| INSTRUCTIONS TO FOLLOW |
For the records that follow, please set down exactly the lines between the one holding "# ---- meshes" and the one holding "me_001.use_remesh_preserve_volume = False", inclusive, and only those.

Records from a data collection
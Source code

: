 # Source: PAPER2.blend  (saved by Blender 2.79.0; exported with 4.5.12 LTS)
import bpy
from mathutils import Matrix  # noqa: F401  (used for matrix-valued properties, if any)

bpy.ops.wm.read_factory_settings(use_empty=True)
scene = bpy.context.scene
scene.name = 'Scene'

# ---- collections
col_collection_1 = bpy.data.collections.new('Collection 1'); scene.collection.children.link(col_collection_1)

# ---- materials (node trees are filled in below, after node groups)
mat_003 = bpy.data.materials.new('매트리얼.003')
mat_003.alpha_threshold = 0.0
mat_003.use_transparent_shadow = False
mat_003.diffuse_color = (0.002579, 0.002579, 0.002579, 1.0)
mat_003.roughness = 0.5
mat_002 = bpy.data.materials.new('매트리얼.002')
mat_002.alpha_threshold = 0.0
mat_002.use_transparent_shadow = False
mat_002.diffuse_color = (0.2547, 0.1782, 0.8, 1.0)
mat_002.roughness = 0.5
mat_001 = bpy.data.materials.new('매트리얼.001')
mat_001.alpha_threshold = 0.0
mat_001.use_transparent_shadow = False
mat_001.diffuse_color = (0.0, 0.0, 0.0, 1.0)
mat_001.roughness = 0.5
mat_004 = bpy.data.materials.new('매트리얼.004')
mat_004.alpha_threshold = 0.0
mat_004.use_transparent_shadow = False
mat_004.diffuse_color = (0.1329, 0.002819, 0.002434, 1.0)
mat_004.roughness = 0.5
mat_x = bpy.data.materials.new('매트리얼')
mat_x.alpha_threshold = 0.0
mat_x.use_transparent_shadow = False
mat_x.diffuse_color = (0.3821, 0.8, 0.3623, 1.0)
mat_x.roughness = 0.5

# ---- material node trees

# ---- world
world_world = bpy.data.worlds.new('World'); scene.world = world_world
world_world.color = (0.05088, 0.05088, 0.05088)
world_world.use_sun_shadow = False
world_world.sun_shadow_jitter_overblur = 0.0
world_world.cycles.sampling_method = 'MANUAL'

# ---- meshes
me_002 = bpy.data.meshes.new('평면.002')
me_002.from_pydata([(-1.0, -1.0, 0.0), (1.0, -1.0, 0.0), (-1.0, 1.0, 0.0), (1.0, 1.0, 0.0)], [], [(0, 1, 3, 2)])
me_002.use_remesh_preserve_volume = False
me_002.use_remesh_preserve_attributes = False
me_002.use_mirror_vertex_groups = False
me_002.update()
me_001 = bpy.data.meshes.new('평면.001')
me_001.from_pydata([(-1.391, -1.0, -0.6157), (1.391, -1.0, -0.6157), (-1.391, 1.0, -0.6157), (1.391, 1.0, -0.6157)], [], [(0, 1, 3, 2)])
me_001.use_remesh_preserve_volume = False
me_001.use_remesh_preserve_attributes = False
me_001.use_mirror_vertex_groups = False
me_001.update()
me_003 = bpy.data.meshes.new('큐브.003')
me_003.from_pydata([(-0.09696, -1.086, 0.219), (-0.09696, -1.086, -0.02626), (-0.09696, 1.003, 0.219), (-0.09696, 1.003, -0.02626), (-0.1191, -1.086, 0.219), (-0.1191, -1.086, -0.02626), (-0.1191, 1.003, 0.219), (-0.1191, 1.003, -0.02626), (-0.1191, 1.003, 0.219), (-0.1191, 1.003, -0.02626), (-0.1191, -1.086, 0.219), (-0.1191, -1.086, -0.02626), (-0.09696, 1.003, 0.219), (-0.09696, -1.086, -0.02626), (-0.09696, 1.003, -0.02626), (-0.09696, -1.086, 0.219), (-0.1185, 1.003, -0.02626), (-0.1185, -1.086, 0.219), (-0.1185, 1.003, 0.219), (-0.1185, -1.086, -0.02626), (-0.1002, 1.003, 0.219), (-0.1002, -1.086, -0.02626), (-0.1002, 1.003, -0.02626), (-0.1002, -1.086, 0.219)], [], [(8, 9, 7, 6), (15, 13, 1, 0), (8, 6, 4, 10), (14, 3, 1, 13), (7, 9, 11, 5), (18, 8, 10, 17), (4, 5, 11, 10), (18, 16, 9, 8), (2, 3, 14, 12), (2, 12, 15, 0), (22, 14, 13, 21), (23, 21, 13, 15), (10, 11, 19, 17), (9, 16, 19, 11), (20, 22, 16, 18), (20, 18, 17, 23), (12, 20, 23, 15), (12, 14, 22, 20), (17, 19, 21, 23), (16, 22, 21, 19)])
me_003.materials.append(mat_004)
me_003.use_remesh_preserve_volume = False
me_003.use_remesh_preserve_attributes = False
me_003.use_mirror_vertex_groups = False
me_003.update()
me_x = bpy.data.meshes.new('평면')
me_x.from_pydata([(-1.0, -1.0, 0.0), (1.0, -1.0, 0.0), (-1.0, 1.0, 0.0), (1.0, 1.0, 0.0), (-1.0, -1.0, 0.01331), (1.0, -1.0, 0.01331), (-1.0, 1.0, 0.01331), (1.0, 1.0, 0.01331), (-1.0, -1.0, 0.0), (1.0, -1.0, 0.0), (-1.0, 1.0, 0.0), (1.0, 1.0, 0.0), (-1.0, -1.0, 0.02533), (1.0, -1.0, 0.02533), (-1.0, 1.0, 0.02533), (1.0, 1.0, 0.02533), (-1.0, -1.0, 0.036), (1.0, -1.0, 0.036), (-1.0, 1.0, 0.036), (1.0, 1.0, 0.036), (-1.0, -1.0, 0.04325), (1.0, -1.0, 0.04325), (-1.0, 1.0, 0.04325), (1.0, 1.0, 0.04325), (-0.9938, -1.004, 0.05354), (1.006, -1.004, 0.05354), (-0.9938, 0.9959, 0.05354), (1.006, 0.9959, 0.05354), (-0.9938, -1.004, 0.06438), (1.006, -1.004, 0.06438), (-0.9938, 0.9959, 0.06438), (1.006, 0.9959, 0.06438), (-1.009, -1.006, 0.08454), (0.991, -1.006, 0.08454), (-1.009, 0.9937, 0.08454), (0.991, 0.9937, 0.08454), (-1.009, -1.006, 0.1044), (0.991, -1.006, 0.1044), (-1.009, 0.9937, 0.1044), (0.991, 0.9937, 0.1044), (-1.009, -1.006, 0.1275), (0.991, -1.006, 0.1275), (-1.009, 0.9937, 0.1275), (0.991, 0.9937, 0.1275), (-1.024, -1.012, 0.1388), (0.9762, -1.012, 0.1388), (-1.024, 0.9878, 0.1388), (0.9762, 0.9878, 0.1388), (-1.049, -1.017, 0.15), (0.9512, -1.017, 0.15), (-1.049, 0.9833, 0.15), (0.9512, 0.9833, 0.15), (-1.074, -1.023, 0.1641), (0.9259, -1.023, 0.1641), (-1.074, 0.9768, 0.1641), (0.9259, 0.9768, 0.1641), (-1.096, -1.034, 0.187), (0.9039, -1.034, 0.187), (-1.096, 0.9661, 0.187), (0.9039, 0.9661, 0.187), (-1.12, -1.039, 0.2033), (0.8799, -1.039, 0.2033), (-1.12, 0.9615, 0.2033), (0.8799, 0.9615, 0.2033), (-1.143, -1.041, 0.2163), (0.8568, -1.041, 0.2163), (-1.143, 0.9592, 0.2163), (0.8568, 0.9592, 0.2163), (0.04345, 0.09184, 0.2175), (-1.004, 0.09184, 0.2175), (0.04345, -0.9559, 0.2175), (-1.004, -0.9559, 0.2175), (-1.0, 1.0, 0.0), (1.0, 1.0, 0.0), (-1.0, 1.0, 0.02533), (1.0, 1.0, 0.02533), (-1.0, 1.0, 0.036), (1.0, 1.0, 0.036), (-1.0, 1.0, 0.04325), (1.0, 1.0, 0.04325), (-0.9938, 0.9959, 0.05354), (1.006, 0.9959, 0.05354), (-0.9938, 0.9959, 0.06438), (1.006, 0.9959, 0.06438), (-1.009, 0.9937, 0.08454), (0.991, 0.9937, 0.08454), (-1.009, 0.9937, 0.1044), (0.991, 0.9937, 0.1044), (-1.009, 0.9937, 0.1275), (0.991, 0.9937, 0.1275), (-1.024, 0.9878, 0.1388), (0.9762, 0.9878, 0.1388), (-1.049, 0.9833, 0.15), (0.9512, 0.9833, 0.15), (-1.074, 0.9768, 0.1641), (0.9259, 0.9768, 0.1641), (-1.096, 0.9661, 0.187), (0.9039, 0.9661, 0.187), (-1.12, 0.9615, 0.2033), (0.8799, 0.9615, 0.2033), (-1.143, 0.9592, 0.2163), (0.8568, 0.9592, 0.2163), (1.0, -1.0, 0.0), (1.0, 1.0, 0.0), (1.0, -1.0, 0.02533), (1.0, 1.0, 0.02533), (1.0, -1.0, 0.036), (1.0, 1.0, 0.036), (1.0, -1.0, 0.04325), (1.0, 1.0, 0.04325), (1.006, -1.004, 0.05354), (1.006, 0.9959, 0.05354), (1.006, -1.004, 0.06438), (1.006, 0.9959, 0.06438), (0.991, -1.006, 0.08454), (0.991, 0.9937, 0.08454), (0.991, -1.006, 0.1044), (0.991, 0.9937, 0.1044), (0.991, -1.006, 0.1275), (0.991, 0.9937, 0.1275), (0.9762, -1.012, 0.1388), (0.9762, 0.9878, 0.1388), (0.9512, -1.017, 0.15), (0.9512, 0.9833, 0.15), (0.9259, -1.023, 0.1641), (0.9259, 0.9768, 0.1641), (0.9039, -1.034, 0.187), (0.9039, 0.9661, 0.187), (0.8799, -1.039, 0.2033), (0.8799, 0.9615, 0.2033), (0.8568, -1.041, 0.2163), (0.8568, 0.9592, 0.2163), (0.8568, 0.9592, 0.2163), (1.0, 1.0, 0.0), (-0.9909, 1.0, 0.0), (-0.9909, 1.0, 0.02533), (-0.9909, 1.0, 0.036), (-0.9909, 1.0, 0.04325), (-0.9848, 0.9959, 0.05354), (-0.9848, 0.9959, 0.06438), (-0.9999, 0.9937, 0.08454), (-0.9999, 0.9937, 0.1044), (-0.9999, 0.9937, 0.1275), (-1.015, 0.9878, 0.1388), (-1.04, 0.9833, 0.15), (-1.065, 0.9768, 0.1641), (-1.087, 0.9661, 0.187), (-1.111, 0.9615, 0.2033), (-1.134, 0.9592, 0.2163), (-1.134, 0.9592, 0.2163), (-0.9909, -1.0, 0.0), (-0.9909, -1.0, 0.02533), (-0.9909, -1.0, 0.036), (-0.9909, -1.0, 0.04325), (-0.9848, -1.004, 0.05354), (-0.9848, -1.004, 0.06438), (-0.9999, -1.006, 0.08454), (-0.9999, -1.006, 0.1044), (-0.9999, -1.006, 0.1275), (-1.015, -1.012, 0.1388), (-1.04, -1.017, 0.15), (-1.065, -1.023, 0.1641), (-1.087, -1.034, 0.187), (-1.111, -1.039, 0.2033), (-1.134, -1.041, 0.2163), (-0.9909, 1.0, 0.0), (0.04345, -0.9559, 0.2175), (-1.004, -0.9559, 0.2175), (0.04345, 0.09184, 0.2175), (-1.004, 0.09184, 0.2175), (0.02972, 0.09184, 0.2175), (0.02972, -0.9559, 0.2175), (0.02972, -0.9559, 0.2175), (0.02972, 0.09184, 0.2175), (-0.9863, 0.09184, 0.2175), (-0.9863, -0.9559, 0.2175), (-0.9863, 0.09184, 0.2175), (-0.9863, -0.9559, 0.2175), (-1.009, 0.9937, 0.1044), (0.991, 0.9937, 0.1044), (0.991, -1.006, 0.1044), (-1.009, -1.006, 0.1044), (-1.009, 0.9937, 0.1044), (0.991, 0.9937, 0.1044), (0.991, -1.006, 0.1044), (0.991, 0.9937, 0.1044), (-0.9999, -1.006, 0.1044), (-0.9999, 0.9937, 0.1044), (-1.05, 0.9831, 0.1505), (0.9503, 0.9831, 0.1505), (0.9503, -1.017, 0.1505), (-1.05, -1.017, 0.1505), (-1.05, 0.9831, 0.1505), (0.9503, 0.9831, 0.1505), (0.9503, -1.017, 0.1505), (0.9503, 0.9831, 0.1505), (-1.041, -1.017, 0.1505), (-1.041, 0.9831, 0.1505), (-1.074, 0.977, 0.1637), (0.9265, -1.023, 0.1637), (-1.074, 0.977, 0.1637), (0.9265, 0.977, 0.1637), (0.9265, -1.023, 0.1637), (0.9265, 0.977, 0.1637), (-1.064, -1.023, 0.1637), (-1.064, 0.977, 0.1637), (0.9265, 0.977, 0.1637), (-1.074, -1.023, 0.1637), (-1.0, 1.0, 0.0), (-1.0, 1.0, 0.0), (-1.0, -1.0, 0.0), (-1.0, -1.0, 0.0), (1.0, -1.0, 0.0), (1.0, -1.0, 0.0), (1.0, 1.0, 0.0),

| RESULT BELOW |
# ---- meshes
me_002 = bpy.data.meshes.new('평면.002')
me_002.from_pydata([(-1.0, -1.0, 0.0), (1.0, -1.0, 0.0), (-1.0, 1.0, 0.0), (1.0, 1.0, 0.0)], [], [(0, 1, 3, 2)])
me_002.use_remesh_preserve_volume = False
me_002.use_remesh_preserve_attributes = False
me_002.use_mirror_vertex_groups = False
me_002.update()
me_001 = bpy.data.meshes.new('평면.001')
me_001.from_pydata([(-1.391, -1.0, -0.6157), (1.391, -1.0, -0.6157), (-1.391, 1.0, -0.6157), (1.391, 1.0, -0.6157)], [], [(0, 1, 3, 2)])
me_001.use_remesh_preserve_volume = False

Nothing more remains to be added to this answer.